Seen thins like this before,didnt know if they were any good though...may give it a try as boiled eggs can be quite bland...cheers,reps!


----------



## RyanClarke (May 7, 2009)

There awesome mate, just break the egg into the thing close the lid and microwave til its 'firm' lol


----------



## Rossy Balboa (Nov 6, 2008)

RyanClarke said:


> There awesome mate, just break the egg into the thing close the lid and microwave til its 'firm' lol


What about whisking it so the egg is broke,then microwave...sort of like a little omlette? this work?


----------



## Prodiver (Nov 14, 2008)

I microwave my eggs in smallish coffee cups, a couple in each.
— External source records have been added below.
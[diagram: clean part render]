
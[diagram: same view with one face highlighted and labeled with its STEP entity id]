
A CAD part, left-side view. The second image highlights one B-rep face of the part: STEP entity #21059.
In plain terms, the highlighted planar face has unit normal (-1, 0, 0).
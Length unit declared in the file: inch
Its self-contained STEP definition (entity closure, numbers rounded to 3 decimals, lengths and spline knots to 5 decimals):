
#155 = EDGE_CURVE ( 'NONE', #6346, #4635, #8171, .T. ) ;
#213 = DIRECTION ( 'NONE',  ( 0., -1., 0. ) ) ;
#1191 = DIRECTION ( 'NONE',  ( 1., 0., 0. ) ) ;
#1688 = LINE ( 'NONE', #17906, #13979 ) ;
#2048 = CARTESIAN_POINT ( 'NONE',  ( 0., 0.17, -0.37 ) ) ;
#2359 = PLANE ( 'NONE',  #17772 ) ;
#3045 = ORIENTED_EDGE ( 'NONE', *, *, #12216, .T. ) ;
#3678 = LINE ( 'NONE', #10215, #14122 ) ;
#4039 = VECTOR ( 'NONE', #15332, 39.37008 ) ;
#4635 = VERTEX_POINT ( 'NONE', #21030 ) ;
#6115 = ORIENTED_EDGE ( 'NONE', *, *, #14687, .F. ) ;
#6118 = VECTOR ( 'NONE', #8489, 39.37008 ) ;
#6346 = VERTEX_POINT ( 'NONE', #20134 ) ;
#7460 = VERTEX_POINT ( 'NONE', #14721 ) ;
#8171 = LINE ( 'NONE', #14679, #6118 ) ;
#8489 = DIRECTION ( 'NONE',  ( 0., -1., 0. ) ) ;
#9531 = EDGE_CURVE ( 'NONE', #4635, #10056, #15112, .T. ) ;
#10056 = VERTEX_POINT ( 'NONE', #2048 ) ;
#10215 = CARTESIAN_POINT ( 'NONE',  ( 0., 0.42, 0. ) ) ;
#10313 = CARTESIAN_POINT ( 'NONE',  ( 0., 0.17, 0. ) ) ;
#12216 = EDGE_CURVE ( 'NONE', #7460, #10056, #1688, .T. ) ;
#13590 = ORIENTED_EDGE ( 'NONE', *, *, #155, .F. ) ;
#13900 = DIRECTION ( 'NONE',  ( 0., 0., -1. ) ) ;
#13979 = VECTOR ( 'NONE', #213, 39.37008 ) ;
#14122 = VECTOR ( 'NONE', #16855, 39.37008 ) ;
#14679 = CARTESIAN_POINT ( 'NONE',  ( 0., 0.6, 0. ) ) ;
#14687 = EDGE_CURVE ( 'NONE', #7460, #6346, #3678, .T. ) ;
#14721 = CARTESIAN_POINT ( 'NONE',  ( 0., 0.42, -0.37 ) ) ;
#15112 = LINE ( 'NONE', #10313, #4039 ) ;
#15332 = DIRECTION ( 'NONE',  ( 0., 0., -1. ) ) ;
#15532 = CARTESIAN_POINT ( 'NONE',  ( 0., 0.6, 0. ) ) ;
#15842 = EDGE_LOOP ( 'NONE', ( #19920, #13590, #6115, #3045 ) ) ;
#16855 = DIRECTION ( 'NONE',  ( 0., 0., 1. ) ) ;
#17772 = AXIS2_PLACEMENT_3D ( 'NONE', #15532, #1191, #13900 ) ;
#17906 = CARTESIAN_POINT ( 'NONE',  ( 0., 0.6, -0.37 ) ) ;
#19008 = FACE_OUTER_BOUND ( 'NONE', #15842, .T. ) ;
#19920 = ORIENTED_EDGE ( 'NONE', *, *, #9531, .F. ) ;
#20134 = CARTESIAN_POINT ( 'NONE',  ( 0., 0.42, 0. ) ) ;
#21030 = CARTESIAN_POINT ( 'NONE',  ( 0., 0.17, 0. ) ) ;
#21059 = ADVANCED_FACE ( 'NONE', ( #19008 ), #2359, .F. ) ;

Just remember to pr**k the yolks with a fork to stop them exploding all over the oven!

You can scramble eggs or make omelettes too: add a spoonful of water to beaten eggs for scrambling, and a drop of oil to make omelettes.


----------



## RyanClarke (May 7, 2009)

Rossy Balboa said:


> What about whisking it so the egg is broke,then microwave...sort of like a little omlette? this work?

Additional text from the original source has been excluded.